[Raw data Boundary: Start]

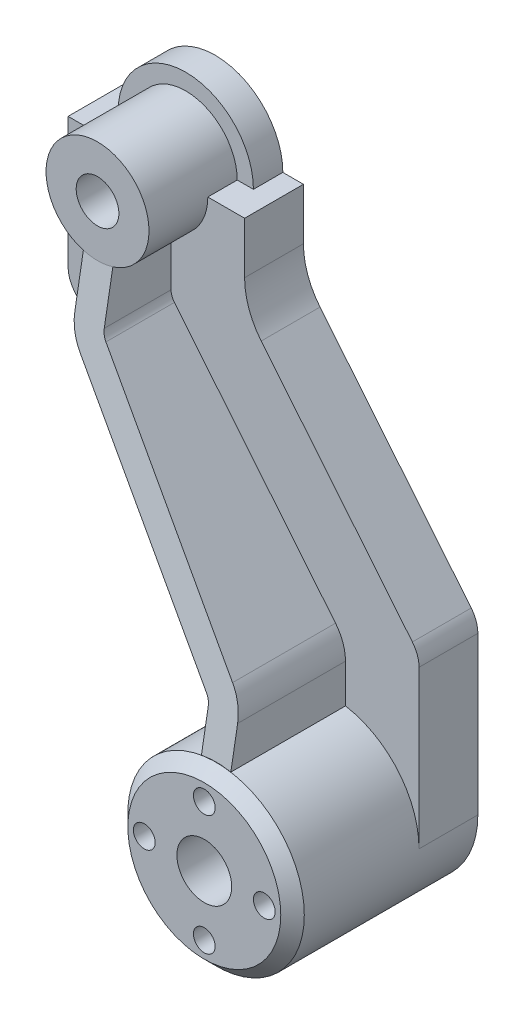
ISO-10303-21;
HEADER;
FILE_DESCRIPTION(('STEP AP214'),'2;1');
FILE_NAME('part.step','',(''),(''),'','','');
FILE_SCHEMA(('AUTOMOTIVE_DESIGN { 1 0 10303 214 1 1 1 1 }'));
ENDSEC;
DATA;
#1=APPLICATION_CONTEXT('core data for automotive mechanical design processes');
#2=APPLICATION_PROTOCOL_DEFINITION('international standard','automotive_design',2000,#1);
#3=PRODUCT_CONTEXT('',#1,'mechanical');
#4=PRODUCT('Part','Part','',(#3));
#5=PRODUCT_RELATED_PRODUCT_CATEGORY('part','',(#4));
#6=PRODUCT_DEFINITION_FORMATION('','',#4);
#7=PRODUCT_DEFINITION_CONTEXT('part definition',#1,'design');
#8=PRODUCT_DEFINITION('design','',#6,#7);
#9=PRODUCT_DEFINITION_SHAPE('','',#8);
#10=(LENGTH_UNIT() NAMED_UNIT(*) SI_UNIT(.MILLI.,.METRE.));
#11=(NAMED_UNIT(*) PLANE_ANGLE_UNIT() SI_UNIT($,.RADIAN.));
#12=(NAMED_UNIT(*) SI_UNIT($,.STERADIAN.) SOLID_ANGLE_UNIT());
#13=UNCERTAINTY_MEASURE_WITH_UNIT(LENGTH_MEASURE(1.E-05),#10,'distance_accuracy_value','');
#14=(GEOMETRIC_REPRESENTATION_CONTEXT(3) GLOBAL_UNCERTAINTY_ASSIGNED_CONTEXT((#13)) GLOBAL_UNIT_ASSIGNED_CONTEXT((#10,
#11,#12)) REPRESENTATION_CONTEXT('',''));
#15=CARTESIAN_POINT('',(0.,0.,0.));
#16=DIRECTION('',(0.,0.,1.));
#17=DIRECTION('',(1.,0.,0.));
#18=AXIS2_PLACEMENT_3D('',#15,#16,#17);
#19=CARTESIAN_POINT('',(-11.5,-17.5,29.9));
#20=DIRECTION('',(0.,0.172463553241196,0.985015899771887));
#21=DIRECTION('',(0.,-0.985015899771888,0.172463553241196));
#22=AXIS2_PLACEMENT_3D('',#19,#20,#21);
#23=PLANE('',#22);
#24=DIRECTION('',(0.,-0.985015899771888,0.172463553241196));
#25=VECTOR('',#24,1.);
#26=CARTESIAN_POINT('',(5.,-0.537502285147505,26.9300858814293));
#27=LINE('',#26,#25);
#28=CARTESIAN_POINT('',(5.,-16.7705098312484,29.7722756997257));
#29=VERTEX_POINT('',#28);
#30=CARTESIAN_POINT('',(5.,-33.5596999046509,32.711845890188));
#31=VERTEX_POINT('',#30);
#32=EDGE_CURVE('E361',#29,#31,#27,.T.);
#33=ORIENTED_EDGE('',*,*,#32,.F.);
#34=CARTESIAN_POINT('',(0.,0.,26.8359761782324));
#35=DIRECTION('',(0.,0.172463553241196,0.985015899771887));
#36=DIRECTION('',(0.,0.985015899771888,-0.172463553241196));
#37=AXIS2_PLACEMENT_3D('',#34,#35,#36);
#38=ELLIPSE('',#37,17.7662106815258,17.5);
#39=CARTESIAN_POINT('',(-5.,-16.7705098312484,29.7722756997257));
#40=VERTEX_POINT('',#39);
#41=EDGE_CURVE('E346',#29,#40,#38,.F.);
#42=ORIENTED_EDGE('',*,*,#41,.T.);
#43=DIRECTION('',(0.,-0.985015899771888,0.172463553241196));
#44=VECTOR('',#43,1.);
#45=CARTESIAN_POINT('',(-5.,-0.537502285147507,26.9300858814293));
#46=LINE('',#45,#44);
#47=CARTESIAN_POINT('',(-5.,-33.5596999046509,32.711845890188));
#48=VERTEX_POINT('',#47);
#49=EDGE_CURVE('E334',#40,#48,#46,.T.);
#50=ORIENTED_EDGE('',*,*,#49,.T.);
#51=CARTESIAN_POINT('',(10.,-33.5596999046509,32.711845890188));
#52=DIRECTION('',(0.,0.172463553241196,0.985015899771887));
#53=DIRECTION('',(0.,0.985015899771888,-0.172463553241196));
#54=AXIS2_PLACEMENT_3D('',#51,#52,#53);
#55=ELLIPSE('',#54,15.2281805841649,15.);
#56=CARTESIAN_POINT('',(-1.61521985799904,-43.0510995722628,34.3736673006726));
#57=VERTEX_POINT('',#56);
#58=EDGE_CURVE('E389',#48,#57,#55,.T.);
#59=ORIENTED_EDGE('',*,*,#58,.T.);
#60=DIRECTION('',(0.62702340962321,-0.767327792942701,0.134349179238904));
#61=VECTOR('',#60,1.);
#62=CARTESIAN_POINT('',(-1.98365794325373,-42.6002188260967,34.2947239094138));
#63=LINE('',#62,#61);
#64=CARTESIAN_POINT('',(53.1692719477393,-110.094311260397,46.1120671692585));
#65=VERTEX_POINT('',#64);
#66=EDGE_CURVE('E393',#57,#65,#63,.T.);
#67=ORIENTED_EDGE('',*,*,#66,.T.);
#68=CARTESIAN_POINT('',(49.2975319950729,-113.258111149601,46.66600763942));
#69=DIRECTION('',(0.,0.172463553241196,0.985015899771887));
#70=DIRECTION('',(0.,0.985015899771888,-0.172463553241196));
#71=AXIS2_PLACEMENT_3D('',#68,#69,#70);
#72=ELLIPSE('',#71,5.07606019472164,5.);
#73=CARTESIAN_POINT('',(54.2975319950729,-113.258111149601,46.66600763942));
#74=VERTEX_POINT('',#73);
#75=EDGE_CURVE('E397',#65,#74,#72,.F.);
#76=ORIENTED_EDGE('',*,*,#75,.T.);
#77=DIRECTION('',(0.,-0.985015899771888,0.172463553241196));
#78=VECTOR('',#77,1.);
#79=CARTESIAN_POINT('',(54.2975319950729,-110.426900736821,46.1702992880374));
#80=LINE('',#79,#78);
#81=CARTESIAN_POINT('',(54.2975319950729,-126.437034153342,48.9734667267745));
#82=VERTEX_POINT('',#81);
#83=EDGE_CURVE('E400',#74,#82,#80,.T.);
#84=ORIENTED_EDGE('',*,*,#83,.T.);
#85=CARTESIAN_POINT('',(59.2975319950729,-156.01743306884,54.1526122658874));
#86=DIRECTION('',(0.,0.172463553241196,0.985015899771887));
#87=DIRECTION('',(0.,-0.985015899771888,0.172463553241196));
#88=AXIS2_PLACEMENT_3D('',#85,#86,#87);
#89=ELLIPSE('',#88,30.4563611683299,30.);
#90=CARTESIAN_POINT('',(64.2975319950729,-126.437034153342,48.9734667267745));
#91=VERTEX_POINT('',#90);
#92=EDGE_CURVE('E433',#82,#91,#89,.F.);
#93=ORIENTED_EDGE('',*,*,#92,.T.);
#94=DIRECTION('',(0.,-0.985015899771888,0.172463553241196));
#95=VECTOR('',#94,1.);
#96=CARTESIAN_POINT('',(64.2975319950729,-110.426900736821,46.1702992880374));
#97=LINE('',#96,#95);
#98=CARTESIAN_POINT('',(64.2975319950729,-113.258111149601,46.66600763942));
#99=VERTEX_POINT('',#98);
#100=EDGE_CURVE('E357',#99,#91,#97,.T.);
#101=ORIENTED_EDGE('',*,*,#100,.F.);
#102=CARTESIAN_POINT('',(49.2975319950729,-113.258111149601,46.66600763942));
#103=DIRECTION('',(0.,0.172463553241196,0.985015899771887));
#104=DIRECTION('',(0.,0.985015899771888,-0.172463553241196));
#105=AXIS2_PLACEMENT_3D('',#102,#103,#104);
#106=ELLIPSE('',#105,15.2281805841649,15.);
#107=CARTESIAN_POINT('',(60.912751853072,-103.766711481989,45.0041862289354));
#108=VERTEX_POINT('',#107);
#109=EDGE_CURVE('E384',#108,#99,#106,.F.);
#110=ORIENTED_EDGE('',*,*,#109,.F.);
#111=DIRECTION('',(0.62702340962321,-0.767327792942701,0.134349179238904));
#112=VECTOR('',#111,1.);
#113=CARTESIAN_POINT('',(5.85314994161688,-36.3868303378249,33.2068398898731));
#114=LINE('',#113,#112);
#115=CARTESIAN_POINT('',(6.12826004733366,-36.7234997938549,33.2657863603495));
#116=VERTEX_POINT('',#115);
#117=EDGE_CURVE('E380',#116,#108,#114,.T.);
#118=ORIENTED_EDGE('',*,*,#117,.F.);
#119=CARTESIAN_POINT('',(10.,-33.5596999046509,32.711845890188));
#120=DIRECTION('',(0.,0.172463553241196,0.985015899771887));
#121=DIRECTION('',(0.,0.985015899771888,-0.172463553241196));
#122=AXIS2_PLACEMENT_3D('',#119,#120,#121);
#123=ELLIPSE('',#122,5.07606019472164,4.99999999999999);
#124=EDGE_CURVE('E376',#31,#116,#123,.T.);
#125=ORIENTED_EDGE('',*,*,#124,.F.);
#126=EDGE_LOOP('',(#33,#42,#50,#59,#67,#76,#84,#93,#101,#110,#118,#125));
#127=FACE_BOUND('',#126,.T.);
#128=ADVANCED_FACE('F102',(#127),#23,.T.);
#129=CARTESIAN_POINT('',(31.4072868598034,-270.899429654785,10.));
#130=DIRECTION('',(0.,0.,1.));
#131=DIRECTION('',(1.,0.,0.));
#132=AXIS2_PLACEMENT_3D('',#129,#130,#131);
#133=PLANE('',#132);
#134=DIRECTION('',(0.,-1.,0.));
#135=VECTOR('',#134,1.);
#136=CARTESIAN_POINT('',(-30.,0.,10.));
#137=LINE('',#136,#135);
#138=CARTESIAN_POINT('',(-30.,0.,10.));
#139=VERTEX_POINT('',#138);
#140=CARTESIAN_POINT('',(-30.,-44.2581646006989,10.));
#141=VERTEX_POINT('',#140);
#142=EDGE_CURVE('E546',#139,#141,#137,.T.);
#143=ORIENTED_EDGE('',*,*,#142,.T.);
#144=CARTESIAN_POINT('',(-20.,-44.2581646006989,10.));
#145=DIRECTION('',(0.,0.,1.));
#146=DIRECTION('',(1.,0.,0.));
#147=AXIS2_PLACEMENT_3D('',#144,#145,#146);
#148=CIRCLE('',#147,10.);
#149=CARTESIAN_POINT('',(-27.7434799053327,-50.5857643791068,10.));
#150=VERTEX_POINT('',#149);
#151=EDGE_CURVE('E618',#141,#150,#148,.T.);
#152=ORIENTED_EDGE('',*,*,#151,.T.);
#153=DIRECTION('',(0.632759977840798,-0.77434799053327,0.));
#154=VECTOR('',#153,1.);
#155=CARTESIAN_POINT('',(-30.,-47.8243194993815,10.));
#156=LINE('',#155,#154);
#157=CARTESIAN_POINT('',(23.6562317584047,-113.486808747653,10.));
#158=VERTEX_POINT('',#157);
#159=EDGE_CURVE('E543',#150,#158,#156,.T.);
#160=ORIENTED_EDGE('',*,*,#159,.T.);
#161=CARTESIAN_POINT('',(4.29753199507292,-129.305808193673,10.));
#162=DIRECTION('',(0.,0.,1.));
#163=DIRECTION('',(1.,0.,0.));
#164=AXIS2_PLACEMENT_3D('',#161,#162,#163);
#165=CIRCLE('',#164,25.);
#166=CARTESIAN_POINT('',(29.2975319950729,-129.305808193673,10.));
#167=VERTEX_POINT('',#166);
#168=EDGE_CURVE('E54',#158,#167,#165,.F.);
#169=ORIENTED_EDGE('',*,*,#168,.T.);
#170=DIRECTION('',(0.,-1.,0.));
#171=VECTOR('',#170,1.);
#172=CARTESIAN_POINT('',(29.2975319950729,-120.390420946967,10.));
#173=LINE('',#172,#171);
#174=CARTESIAN_POINT('',(29.2975319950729,-156.01743306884,10.));
#175=VERTEX_POINT('',#174);
#176=EDGE_CURVE('E541',#167,#175,#173,.T.);
#177=ORIENTED_EDGE('',*,*,#176,.T.);
#178=CARTESIAN_POINT('',(59.2975319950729,-156.01743306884,10.));
#179=DIRECTION('',(0.,0.,1.));
#180=DIRECTION('',(1.,0.,0.));
#181=AXIS2_PLACEMENT_3D('',#178,#179,#180);
#182=CIRCLE('',#181,30.);
#183=CARTESIAN_POINT('',(54.2975319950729,-126.437034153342,10.));
#184=VERTEX_POINT('',#183);
#185=EDGE_CURVE('E510',#184,#175,#182,.T.);
#186=ORIENTED_EDGE('',*,*,#185,.F.);
#187=DIRECTION('',(0.,1.,0.));
#188=VECTOR('',#187,1.);
#189=CARTESIAN_POINT('',(54.2975319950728,-270.899429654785,10.));
#190=LINE('',#189,#188);
#191=CARTESIAN_POINT('',(54.2975319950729,-113.258111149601,10.));
#192=VERTEX_POINT('',#191);
#193=EDGE_CURVE('E411',#184,#192,#190,.T.);
#194=ORIENTED_EDGE('',*,*,#193,.T.);
#195=CARTESIAN_POINT('',(49.2975319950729,-113.258111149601,10.));
#196=DIRECTION('',(0.,0.,1.));
#197=DIRECTION('',(1.,0.,0.));
#198=AXIS2_PLACEMENT_3D('',#195,#196,#197);
#199=CIRCLE('',#198,5.);
#200=CARTESIAN_POINT('',(53.1692719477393,-110.094311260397,10.));
#201=VERTEX_POINT('',#200);
#202=EDGE_CURVE('E407',#192,#201,#199,.T.);
#203=ORIENTED_EDGE('',*,*,#202,.T.);
#204=DIRECTION('',(-0.632759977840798,0.77434799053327,0.));
#205=VECTOR('',#204,1.);
#206=CARTESIAN_POINT('',(123.246811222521,-195.852582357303,10.));
#207=LINE('',#206,#205);
#208=CARTESIAN_POINT('',(-1.61521985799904,-43.0510995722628,10.));
#209=VERTEX_POINT('',#208);
#210=EDGE_CURVE('E405',#201,#209,#207,.T.);
#211=ORIENTED_EDGE('',*,*,#210,.T.);
#212=CARTESIAN_POINT('',(10.,-33.5596999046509,10.));
#213=DIRECTION('',(0.,0.,1.));
#214=DIRECTION('',(1.,0.,0.));
#215=AXIS2_PLACEMENT_3D('',#212,#213,#214);
#216=CIRCLE('',#215,15.);
#217=CARTESIAN_POINT('',(-4.99999999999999,-33.5596999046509,10.));
#218=VERTEX_POINT('',#217);
#219=EDGE_CURVE('E403',#209,#218,#216,.F.);
#220=ORIENTED_EDGE('',*,*,#219,.T.);
#221=DIRECTION('',(0.,1.,0.));
#222=VECTOR('',#221,1.);
#223=CARTESIAN_POINT('',(-4.99999999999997,-270.899429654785,10.));
#224=LINE('',#223,#222);
#225=CARTESIAN_POINT('',(-5.,-16.7705098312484,10.));
#226=VERTEX_POINT('',#225);
#227=EDGE_CURVE('E356',#218,#226,#224,.T.);
#228=ORIENTED_EDGE('',*,*,#227,.T.);
#229=CARTESIAN_POINT('',(0.,0.,10.));
#230=DIRECTION('',(0.,0.,1.));
#231=DIRECTION('',(1.,0.,0.));
#232=AXIS2_PLACEMENT_3D('',#229,#230,#231);
#233=CIRCLE('',#232,17.5);
#234=CARTESIAN_POINT('',(-17.5,0.,10.));
#235=VERTEX_POINT('',#234);
#236=EDGE_CURVE('E353',#226,#235,#233,.F.);
#237=ORIENTED_EDGE('',*,*,#236,.T.);
#238=DIRECTION('',(1.,0.,0.));
#239=VECTOR('',#238,1.);
#240=CARTESIAN_POINT('',(-30.,0.,10.));
#241=LINE('',#240,#239);
#242=EDGE_CURVE('E550',#139,#235,#241,.T.);
#243=ORIENTED_EDGE('',*,*,#242,.F.);
#244=EDGE_LOOP('',(#143,#152,#160,#169,#177,#186,#194,#203,#211,#220,#228,#237,#243));
#245=FACE_BOUND('',#244,.T.);
#246=ADVANCED_FACE('F639',(#245),#133,.T.);
#247=CARTESIAN_POINT('',(31.4072868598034,-270.899429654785,-10.));
#248=DIRECTION('',(0.,0.,1.));
#249=DIRECTION('',(1.,0.,0.));
#250=AXIS2_PLACEMENT_3D('',#247,#248,#249);
#251=PLANE('',#250);
#252=CARTESIAN_POINT('',(59.2975319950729,-156.01743306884,-10.));
#253=DIRECTION('',(0.,0.,-1.));
#254=DIRECTION('',(-1.,0.,0.));
#255=AXIS2_PLACEMENT_3D('',#252,#253,#254);
#256=CIRCLE('',#255,18.1546949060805);
#257=CARTESIAN_POINT('',(41.1428370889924,-156.01743306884,-10.));
#258=VERTEX_POINT('',#257);
#259=EDGE_CURVE('E1264',#258,#258,#256,.T.);
#260=ORIENTED_EDGE('',*,*,#259,.F.);
#261=EDGE_LOOP('',(#260));
#262=FACE_BOUND('',#261,.T.);
#263=CARTESIAN_POINT('',(0.,0.,-10.));
#264=DIRECTION('',(0.,0.,-1.));
#265=DIRECTION('',(-1.,0.,0.));
#266=AXIS2_PLACEMENT_3D('',#263,#264,#265);
#267=CIRCLE('',#266,13.8600862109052);
#268=CARTESIAN_POINT('',(-13.8600862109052,0.,-10.));
#269=VERTEX_POINT('',#268);
#270=EDGE_CURVE('E1279',#269,#269,#267,.T.);
#271=ORIENTED_EDGE('',*,*,#270,.F.);
#272=EDGE_LOOP('',(#271));
#273=FACE_BOUND('',#272,.T.);
#274=CARTESIAN_POINT('',(59.2975319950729,-156.01743306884,-10.));
#275=DIRECTION('',(0.,0.,-1.));
#276=DIRECTION('',(-1.,0.,0.));
#277=AXIS2_PLACEMENT_3D('',#274,#275,#276);
#278=CIRCLE('',#277,30.);
#279=CARTESIAN_POINT('',(39.2975319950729,-133.656753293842,-10.));
#280=VERTEX_POINT('',#279);
#281=CARTESIAN_POINT('',(79.2975319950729,-133.656753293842,-10.));
#282=VERTEX_POINT('',#281);
#283=EDGE_CURVE('E455',#280,#282,#278,.T.);
#284=ORIENTED_EDGE('',*,*,#283,.T.);
#285=DIRECTION('',(0.,-1.,0.));
#286=VECTOR('',#285,1.);
#287=CARTESIAN_POINT('',(79.2975319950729,-89.5973357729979,-10.));
#288=LINE('',#287,#286);
#289=CARTESIAN_POINT('',(79.2975319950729,-102.559646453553,-10.));
#290=VERTEX_POINT('',#289);
#291=EDGE_CURVE('E437',#290,#282,#288,.T.);
#292=ORIENTED_EDGE('',*,*,#291,.F.);
#293=DIRECTION('',(0.632759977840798,-0.77434799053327,0.));
#294=VECTOR('',#293,1.);
#295=CARTESIAN_POINT('',(-32.8200447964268,34.6456499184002,-10.));
#296=LINE('',#295,#294);
#297=CARTESIAN_POINT('',(20.,-29.9935450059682,-10.));
#298=VERTEX_POINT('',#297);
#299=EDGE_CURVE('E468',#298,#290,#296,.T.);
#300=ORIENTED_EDGE('',*,*,#299,.F.);
#301=DIRECTION('',(-1.,0.,0.));
#302=VECTOR('',#301,1.);
#303=CARTESIAN_POINT('',(-184.863962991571,-29.9935450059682,-10.));
#304=LINE('',#303,#302);
#305=CARTESIAN_POINT('',(-20.,-29.9935450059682,-10.));
#306=VERTEX_POINT('',#305);
#307=EDGE_CURVE('E466',#298,#306,#304,.T.);
#308=ORIENTED_EDGE('',*,*,#307,.T.);
#309=DIRECTION('',(0.,1.,0.));
#310=VECTOR('',#309,1.);
#311=CARTESIAN_POINT('',(-20.,-89.5973357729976,-10.));
#312=LINE('',#311,#310);
#313=CARTESIAN_POINT('',(-20.,-44.2581646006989,-10.));
#314=VERTEX_POINT('',#313);
#315=EDGE_CURVE('E463',#314,#306,#312,.T.);
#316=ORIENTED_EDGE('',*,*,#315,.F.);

[Raw data Boundary: End]

• **What you have to do**
The response must hold only the lines above from the line with "#204=DIRECTION('',(-0.632759977840798,0.77434799053327,0.));" through the line with "#255=AXIS2_PLACEMENT_3D('',#252,#253,#254);", each copied exactly, both ends kept.

• **Answer to this exercise**
#204=DIRECTION('',(-0.632759977840798,0.77434799053327,0.));
#205=VECTOR('',#204,1.);
#206=CARTESIAN_POINT('',(123.246811222521,-195.852582357303,10.));
#207=LINE('',#206,#205);
#208=CARTESIAN_POINT('',(-1.61521985799904,-43.0510995722628,10.));
#209=VERTEX_POINT('',#208);
#210=EDGE_CURVE('E405',#201,#209,#207,.T.);
#211=ORIENTED_EDGE('',*,*,#210,.T.);
#212=CARTESIAN_POINT('',(10.,-33.5596999046509,10.));
#213=DIRECTION('',(0.,0.,1.));
#214=DIRECTION('',(1.,0.,0.));
#215=AXIS2_PLACEMENT_3D('',#212,#213,#214);
#216=CIRCLE('',#215,15.);
#217=CARTESIAN_POINT('',(-4.99999999999999,-33.5596999046509,10.));
#218=VERTEX_POINT('',#217);
#219=EDGE_CURVE('E403',#209,#218,#216,.F.);
#220=ORIENTED_EDGE('',*,*,#219,.T.);
#221=DIRECTION('',(0.,1.,0.));
#222=VECTOR('',#221,1.);
#223=CARTESIAN_POINT('',(-4.99999999999997,-270.899429654785,10.));
#224=LINE('',#223,#222);
#225=CARTESIAN_POINT('',(-5.,-16.7705098312484,10.));
#226=VERTEX_POINT('',#225);
#227=EDGE_CURVE('E356',#218,#226,#224,.T.);
#228=ORIENTED_EDGE('',*,*,#227,.T.);
#229=CARTESIAN_POINT('',(0.,0.,10.));
#230=DIRECTION('',(0.,0.,1.));
#231=DIRECTION('',(1.,0.,0.));
#232=AXIS2_PLACEMENT_3D('',#229,#230,#231);
#233=CIRCLE('',#232,17.5);
#234=CARTESIAN_POINT('',(-17.5,0.,10.));
#235=VERTEX_POINT('',#234);
#236=EDGE_CURVE('E353',#226,#235,#233,.F.);
#237=ORIENTED_EDGE('',*,*,#236,.T.);
#238=DIRECTION('',(1.,0.,0.));
#239=VECTOR('',#238,1.);
#240=CARTESIAN_POINT('',(-30.,0.,10.));
#241=LINE('',#240,#239);
#242=EDGE_CURVE('E550',#139,#235,#241,.T.);
#243=ORIENTED_EDGE('',*,*,#242,.F.);
#244=EDGE_LOOP('',(#143,#152,#160,#169,#177,#186,#194,#203,#211,#220,#228,#237,#243));
#245=FACE_BOUND('',#244,.T.);
#246=ADVANCED_FACE('F639',(#245),#133,.T.);
#247=CARTESIAN_POINT('',(31.4072868598034,-270.899429654785,-10.));
#248=DIRECTION('',(0.,0.,1.));
#249=DIRECTION('',(1.,0.,0.));
#250=AXIS2_PLACEMENT_3D('',#247,#248,#249);
#251=PLANE('',#250);
#252=CARTESIAN_POINT('',(59.2975319950729,-156.01743306884,-10.));
#253=DIRECTION('',(0.,0.,-1.));
#254=DIRECTION('',(-1.,0.,0.));
#255=AXIS2_PLACEMENT_3D('',#252,#253,#254);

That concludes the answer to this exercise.